MATERIAL FOR THIS TASK: Begin
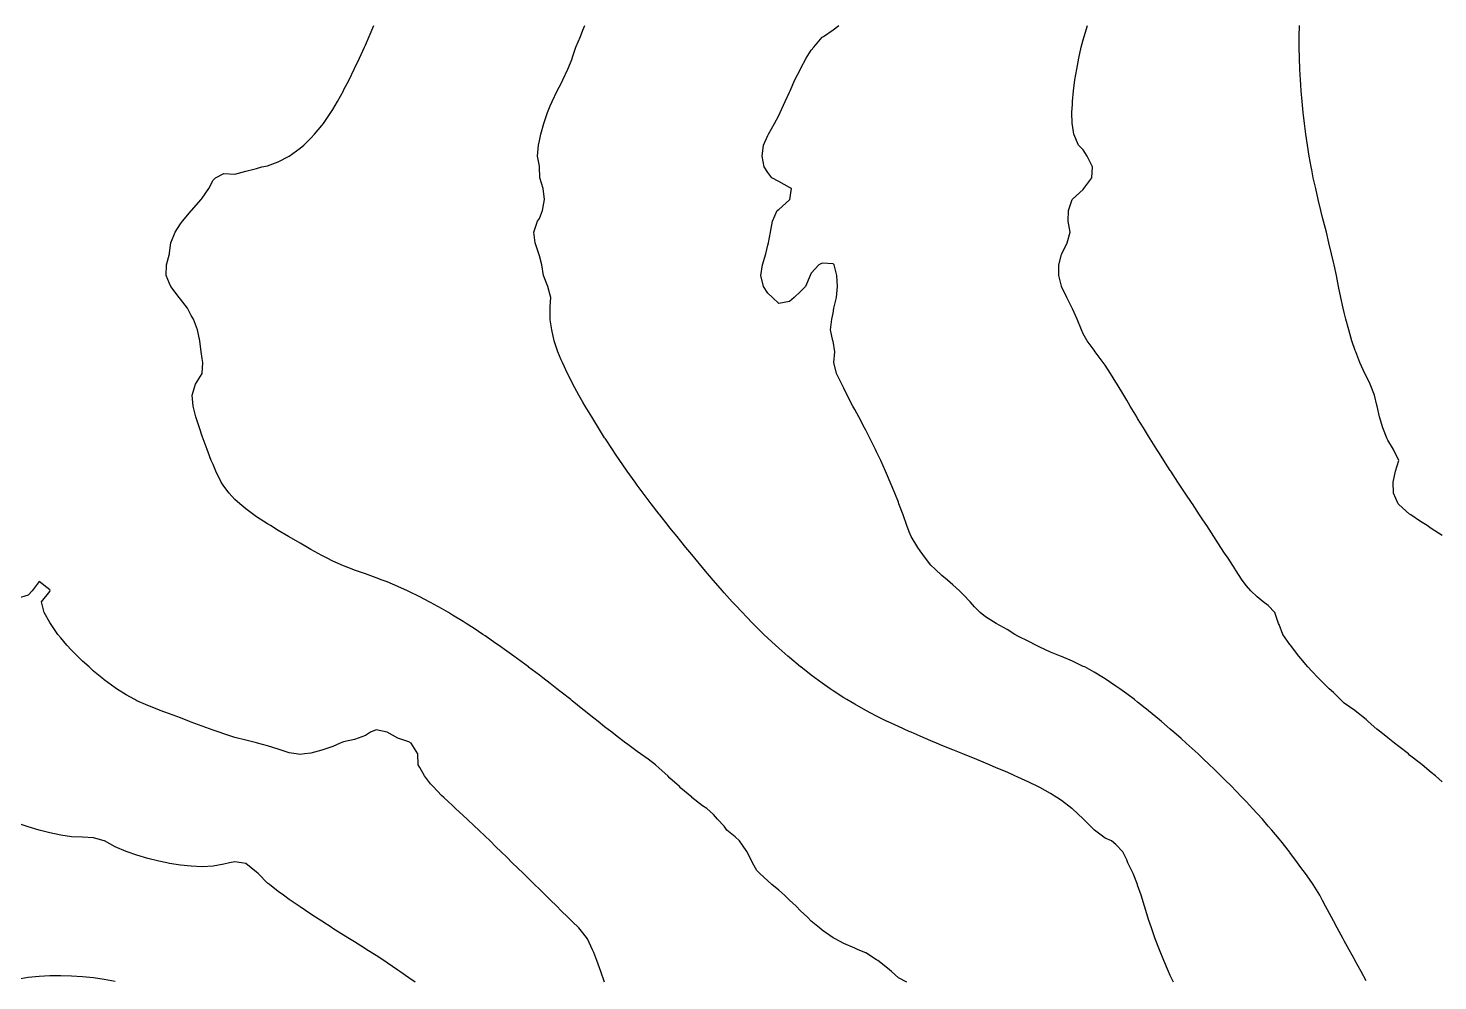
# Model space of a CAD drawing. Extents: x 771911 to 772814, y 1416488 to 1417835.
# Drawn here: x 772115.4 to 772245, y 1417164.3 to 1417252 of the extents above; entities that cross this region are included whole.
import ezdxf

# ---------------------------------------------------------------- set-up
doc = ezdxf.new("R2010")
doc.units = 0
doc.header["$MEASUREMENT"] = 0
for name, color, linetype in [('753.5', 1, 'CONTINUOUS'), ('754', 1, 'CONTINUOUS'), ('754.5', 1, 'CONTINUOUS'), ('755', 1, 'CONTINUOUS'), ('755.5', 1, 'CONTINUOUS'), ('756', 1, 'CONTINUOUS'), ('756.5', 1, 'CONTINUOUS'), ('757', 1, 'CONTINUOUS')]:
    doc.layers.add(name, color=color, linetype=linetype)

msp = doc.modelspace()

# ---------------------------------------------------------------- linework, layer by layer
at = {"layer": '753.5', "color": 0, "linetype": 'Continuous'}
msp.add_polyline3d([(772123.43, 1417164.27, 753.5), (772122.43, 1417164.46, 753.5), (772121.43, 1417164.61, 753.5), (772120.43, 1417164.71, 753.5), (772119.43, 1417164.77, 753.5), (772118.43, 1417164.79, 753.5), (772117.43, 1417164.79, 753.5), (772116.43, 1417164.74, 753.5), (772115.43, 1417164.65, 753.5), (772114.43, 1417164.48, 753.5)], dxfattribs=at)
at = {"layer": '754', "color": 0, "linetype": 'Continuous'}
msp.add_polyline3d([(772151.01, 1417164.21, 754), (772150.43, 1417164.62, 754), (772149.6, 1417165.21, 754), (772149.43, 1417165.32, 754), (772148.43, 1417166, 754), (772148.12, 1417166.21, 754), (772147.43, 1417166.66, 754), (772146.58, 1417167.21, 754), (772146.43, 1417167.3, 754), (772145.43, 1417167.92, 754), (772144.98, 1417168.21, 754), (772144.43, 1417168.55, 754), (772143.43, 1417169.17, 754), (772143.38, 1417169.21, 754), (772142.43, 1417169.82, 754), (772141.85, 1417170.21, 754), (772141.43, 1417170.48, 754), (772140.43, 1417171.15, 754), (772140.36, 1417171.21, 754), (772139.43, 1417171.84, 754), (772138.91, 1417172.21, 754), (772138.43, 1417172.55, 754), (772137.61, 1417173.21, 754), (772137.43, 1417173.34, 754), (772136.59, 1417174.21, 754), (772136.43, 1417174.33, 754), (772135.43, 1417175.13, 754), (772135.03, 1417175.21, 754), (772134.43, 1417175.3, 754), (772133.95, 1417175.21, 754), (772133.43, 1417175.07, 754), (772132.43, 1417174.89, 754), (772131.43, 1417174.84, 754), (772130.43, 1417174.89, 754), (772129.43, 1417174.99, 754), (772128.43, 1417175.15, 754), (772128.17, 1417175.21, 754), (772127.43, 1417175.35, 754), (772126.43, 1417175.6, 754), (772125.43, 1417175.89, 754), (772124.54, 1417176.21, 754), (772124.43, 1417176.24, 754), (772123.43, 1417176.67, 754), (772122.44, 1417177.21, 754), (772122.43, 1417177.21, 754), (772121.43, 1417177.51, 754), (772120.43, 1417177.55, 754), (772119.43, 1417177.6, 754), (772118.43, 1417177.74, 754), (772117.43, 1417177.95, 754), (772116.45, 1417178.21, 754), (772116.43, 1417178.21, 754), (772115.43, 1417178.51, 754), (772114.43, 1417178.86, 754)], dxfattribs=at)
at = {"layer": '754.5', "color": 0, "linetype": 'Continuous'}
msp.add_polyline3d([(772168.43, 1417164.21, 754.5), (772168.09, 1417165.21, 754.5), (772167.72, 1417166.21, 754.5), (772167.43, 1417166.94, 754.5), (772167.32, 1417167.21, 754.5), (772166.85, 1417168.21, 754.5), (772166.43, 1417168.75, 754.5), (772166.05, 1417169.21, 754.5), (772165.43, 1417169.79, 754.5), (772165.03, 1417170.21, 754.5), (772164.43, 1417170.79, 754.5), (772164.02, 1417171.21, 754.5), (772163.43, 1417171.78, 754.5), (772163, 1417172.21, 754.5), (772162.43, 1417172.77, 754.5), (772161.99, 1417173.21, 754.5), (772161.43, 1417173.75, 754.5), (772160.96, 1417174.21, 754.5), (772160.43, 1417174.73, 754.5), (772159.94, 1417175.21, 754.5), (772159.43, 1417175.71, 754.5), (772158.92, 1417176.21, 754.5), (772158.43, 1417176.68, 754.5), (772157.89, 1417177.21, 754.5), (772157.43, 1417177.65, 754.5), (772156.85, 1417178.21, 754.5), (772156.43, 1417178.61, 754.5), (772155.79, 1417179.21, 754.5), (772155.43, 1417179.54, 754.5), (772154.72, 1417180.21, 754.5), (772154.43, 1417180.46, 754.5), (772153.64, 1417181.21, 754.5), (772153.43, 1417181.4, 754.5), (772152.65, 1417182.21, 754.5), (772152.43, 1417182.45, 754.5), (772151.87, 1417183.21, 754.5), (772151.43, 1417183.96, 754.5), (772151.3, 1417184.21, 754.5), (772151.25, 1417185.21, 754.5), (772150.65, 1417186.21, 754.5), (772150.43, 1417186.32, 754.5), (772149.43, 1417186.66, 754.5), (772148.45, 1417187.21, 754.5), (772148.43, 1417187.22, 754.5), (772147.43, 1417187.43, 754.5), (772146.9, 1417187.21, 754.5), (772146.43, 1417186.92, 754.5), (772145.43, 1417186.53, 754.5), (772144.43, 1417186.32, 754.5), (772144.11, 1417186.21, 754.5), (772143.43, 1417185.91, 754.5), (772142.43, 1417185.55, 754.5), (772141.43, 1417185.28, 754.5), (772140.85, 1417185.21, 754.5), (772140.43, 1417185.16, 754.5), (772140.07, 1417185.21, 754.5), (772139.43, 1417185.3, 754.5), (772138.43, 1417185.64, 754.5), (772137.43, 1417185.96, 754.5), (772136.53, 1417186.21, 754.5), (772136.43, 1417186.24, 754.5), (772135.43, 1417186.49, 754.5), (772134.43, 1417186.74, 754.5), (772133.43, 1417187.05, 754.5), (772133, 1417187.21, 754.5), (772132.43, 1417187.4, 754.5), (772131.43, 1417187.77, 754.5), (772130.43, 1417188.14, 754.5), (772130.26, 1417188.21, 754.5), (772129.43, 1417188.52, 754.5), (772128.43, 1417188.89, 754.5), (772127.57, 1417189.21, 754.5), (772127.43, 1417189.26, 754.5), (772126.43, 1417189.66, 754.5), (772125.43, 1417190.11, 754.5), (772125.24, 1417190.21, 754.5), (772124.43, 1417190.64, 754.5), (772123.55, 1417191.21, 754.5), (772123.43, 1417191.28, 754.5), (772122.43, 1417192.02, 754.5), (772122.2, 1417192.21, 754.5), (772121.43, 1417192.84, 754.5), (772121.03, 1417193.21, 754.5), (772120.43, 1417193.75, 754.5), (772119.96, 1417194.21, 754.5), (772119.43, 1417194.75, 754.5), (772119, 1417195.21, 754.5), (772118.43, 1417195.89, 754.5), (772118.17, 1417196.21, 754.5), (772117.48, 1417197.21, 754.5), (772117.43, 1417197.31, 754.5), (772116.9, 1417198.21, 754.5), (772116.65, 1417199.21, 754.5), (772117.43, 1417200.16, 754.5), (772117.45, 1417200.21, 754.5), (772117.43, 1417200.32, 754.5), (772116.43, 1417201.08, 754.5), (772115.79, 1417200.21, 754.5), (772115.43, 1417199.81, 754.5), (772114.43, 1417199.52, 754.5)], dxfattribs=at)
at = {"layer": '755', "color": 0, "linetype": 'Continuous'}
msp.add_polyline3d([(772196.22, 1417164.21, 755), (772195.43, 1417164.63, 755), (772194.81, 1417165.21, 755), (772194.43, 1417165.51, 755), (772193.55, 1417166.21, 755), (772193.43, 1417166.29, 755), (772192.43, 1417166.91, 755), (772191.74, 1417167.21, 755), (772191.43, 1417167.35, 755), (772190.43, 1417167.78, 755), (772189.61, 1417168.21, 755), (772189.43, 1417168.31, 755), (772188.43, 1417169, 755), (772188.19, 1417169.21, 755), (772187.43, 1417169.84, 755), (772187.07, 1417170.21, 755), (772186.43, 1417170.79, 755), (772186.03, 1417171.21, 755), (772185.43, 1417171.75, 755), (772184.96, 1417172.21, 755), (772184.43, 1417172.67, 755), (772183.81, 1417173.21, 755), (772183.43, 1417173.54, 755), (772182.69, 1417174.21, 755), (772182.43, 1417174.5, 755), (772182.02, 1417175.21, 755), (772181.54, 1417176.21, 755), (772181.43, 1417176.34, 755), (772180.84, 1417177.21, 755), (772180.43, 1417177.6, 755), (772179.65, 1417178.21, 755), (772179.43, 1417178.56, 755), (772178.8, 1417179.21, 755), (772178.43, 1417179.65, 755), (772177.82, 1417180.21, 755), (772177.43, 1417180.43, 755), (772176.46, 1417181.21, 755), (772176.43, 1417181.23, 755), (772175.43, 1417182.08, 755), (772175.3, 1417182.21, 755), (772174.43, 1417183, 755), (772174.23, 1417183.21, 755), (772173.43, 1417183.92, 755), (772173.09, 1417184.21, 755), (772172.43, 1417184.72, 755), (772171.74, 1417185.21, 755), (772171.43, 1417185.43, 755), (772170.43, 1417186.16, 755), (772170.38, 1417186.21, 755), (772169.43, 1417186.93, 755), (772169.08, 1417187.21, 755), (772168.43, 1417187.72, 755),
MATERIAL FOR THIS TASK: End
DIRECTIONS FOR THIS TASK:
Every line of the entries above that contains the word "name" must be tallied, and the number alone reported.

RESPONSE TO THE EXERCISE:
2